EXERCISE BRIEF -
Each line of the records below that holds "Experiment" should be returned.

= Beginning of Section =

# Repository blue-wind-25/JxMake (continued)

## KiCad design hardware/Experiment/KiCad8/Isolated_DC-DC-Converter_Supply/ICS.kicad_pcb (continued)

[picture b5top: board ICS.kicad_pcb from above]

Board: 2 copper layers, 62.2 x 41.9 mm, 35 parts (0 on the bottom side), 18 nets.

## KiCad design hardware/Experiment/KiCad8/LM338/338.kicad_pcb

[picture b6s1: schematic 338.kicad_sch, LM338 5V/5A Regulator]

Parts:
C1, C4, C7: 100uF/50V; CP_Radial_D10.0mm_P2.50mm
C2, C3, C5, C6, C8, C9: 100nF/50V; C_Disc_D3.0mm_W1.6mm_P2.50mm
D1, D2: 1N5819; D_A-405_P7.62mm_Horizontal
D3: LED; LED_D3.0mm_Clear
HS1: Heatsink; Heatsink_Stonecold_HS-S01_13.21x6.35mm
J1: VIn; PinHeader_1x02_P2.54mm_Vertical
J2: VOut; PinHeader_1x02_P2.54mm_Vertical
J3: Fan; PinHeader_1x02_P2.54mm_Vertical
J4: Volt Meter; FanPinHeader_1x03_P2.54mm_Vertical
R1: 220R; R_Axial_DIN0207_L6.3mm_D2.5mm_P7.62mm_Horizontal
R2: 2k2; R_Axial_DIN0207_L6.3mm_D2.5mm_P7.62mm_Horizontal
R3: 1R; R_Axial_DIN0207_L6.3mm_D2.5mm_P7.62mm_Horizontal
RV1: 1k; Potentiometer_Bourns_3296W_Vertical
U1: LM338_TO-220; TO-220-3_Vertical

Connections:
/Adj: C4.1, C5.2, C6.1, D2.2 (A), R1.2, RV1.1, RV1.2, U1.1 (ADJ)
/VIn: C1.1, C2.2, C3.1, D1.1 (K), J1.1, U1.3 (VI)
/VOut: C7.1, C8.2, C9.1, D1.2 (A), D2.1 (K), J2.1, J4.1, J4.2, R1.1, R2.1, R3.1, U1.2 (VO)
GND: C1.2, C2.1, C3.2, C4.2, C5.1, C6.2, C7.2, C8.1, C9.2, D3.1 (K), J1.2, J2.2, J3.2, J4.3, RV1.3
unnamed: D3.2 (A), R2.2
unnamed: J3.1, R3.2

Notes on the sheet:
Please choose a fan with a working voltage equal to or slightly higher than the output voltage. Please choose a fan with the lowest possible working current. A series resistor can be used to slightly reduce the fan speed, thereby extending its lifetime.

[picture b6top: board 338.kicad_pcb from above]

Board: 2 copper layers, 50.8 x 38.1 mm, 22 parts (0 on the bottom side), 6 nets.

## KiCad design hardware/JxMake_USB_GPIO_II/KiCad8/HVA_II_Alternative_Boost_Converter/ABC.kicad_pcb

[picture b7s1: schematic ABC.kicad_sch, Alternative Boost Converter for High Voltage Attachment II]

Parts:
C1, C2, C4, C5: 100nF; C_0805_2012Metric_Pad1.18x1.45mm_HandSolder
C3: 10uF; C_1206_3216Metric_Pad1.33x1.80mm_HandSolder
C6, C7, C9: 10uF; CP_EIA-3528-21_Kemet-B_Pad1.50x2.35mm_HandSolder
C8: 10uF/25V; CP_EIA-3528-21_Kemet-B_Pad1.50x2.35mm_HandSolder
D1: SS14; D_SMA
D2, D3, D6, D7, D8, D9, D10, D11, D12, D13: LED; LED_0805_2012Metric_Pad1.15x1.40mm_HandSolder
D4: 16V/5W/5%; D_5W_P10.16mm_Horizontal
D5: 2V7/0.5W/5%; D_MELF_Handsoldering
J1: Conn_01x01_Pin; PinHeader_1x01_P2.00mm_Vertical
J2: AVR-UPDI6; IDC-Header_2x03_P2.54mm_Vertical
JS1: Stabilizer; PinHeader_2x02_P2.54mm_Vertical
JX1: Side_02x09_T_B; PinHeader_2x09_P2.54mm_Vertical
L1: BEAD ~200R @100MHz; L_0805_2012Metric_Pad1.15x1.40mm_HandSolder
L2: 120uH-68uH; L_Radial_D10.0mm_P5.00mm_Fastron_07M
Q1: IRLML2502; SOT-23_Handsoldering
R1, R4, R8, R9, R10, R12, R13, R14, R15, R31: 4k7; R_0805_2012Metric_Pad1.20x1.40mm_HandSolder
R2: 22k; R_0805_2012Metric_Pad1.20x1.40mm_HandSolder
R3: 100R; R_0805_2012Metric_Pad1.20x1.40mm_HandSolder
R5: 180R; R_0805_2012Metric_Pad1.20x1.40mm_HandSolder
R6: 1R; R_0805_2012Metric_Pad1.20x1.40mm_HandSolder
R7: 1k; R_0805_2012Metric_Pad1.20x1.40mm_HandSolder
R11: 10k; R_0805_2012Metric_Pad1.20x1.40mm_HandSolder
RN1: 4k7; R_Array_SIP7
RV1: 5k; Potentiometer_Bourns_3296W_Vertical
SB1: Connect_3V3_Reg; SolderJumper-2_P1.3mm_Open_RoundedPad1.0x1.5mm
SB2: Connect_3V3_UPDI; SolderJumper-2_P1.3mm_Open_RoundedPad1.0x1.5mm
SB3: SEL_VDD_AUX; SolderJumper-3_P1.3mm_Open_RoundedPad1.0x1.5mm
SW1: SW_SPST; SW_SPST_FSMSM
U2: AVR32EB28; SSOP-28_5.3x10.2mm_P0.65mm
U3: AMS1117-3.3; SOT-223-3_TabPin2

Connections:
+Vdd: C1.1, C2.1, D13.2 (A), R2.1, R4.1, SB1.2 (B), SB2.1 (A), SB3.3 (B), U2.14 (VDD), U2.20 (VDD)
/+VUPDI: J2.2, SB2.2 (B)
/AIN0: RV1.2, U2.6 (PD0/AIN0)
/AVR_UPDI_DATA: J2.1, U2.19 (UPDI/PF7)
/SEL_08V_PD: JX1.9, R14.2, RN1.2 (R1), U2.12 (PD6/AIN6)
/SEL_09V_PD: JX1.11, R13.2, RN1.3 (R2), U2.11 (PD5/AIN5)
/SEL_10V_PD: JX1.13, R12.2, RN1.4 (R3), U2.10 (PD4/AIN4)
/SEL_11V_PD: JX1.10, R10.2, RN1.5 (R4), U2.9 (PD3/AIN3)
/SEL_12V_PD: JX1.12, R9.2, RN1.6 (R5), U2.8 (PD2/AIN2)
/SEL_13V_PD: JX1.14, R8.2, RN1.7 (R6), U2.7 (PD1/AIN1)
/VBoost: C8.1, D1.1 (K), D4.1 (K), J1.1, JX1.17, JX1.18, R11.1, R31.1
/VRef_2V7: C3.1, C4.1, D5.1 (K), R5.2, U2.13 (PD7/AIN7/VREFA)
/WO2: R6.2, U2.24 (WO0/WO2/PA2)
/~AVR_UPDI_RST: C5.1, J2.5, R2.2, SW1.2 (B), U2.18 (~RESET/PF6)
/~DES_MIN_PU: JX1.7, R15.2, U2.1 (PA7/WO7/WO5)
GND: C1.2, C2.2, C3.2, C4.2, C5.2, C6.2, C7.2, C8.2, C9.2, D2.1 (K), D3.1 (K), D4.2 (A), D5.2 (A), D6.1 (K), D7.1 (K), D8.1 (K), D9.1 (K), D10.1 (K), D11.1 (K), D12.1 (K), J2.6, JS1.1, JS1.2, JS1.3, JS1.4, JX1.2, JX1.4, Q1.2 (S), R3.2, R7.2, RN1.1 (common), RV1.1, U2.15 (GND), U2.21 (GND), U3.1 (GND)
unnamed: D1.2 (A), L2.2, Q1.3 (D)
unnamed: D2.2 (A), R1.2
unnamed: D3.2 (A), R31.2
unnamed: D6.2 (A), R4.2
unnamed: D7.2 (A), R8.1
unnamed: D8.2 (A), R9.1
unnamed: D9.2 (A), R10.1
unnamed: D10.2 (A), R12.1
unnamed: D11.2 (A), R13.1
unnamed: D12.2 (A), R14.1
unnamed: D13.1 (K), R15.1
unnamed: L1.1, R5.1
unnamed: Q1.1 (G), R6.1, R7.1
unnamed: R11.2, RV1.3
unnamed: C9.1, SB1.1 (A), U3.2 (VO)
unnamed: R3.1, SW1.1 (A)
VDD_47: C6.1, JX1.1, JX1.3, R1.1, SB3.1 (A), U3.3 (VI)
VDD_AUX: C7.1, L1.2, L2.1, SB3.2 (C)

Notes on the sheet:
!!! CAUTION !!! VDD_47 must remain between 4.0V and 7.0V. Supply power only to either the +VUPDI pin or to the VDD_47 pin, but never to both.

= End of Section =

EXERCISE RESPONSE -
## KiCad design hardware/Experiment/KiCad8/Isolated_DC-DC-Converter_Supply/ICS.kicad_pcb (continued)
## KiCad design hardware/Experiment/KiCad8/LM338/338.kicad_pcb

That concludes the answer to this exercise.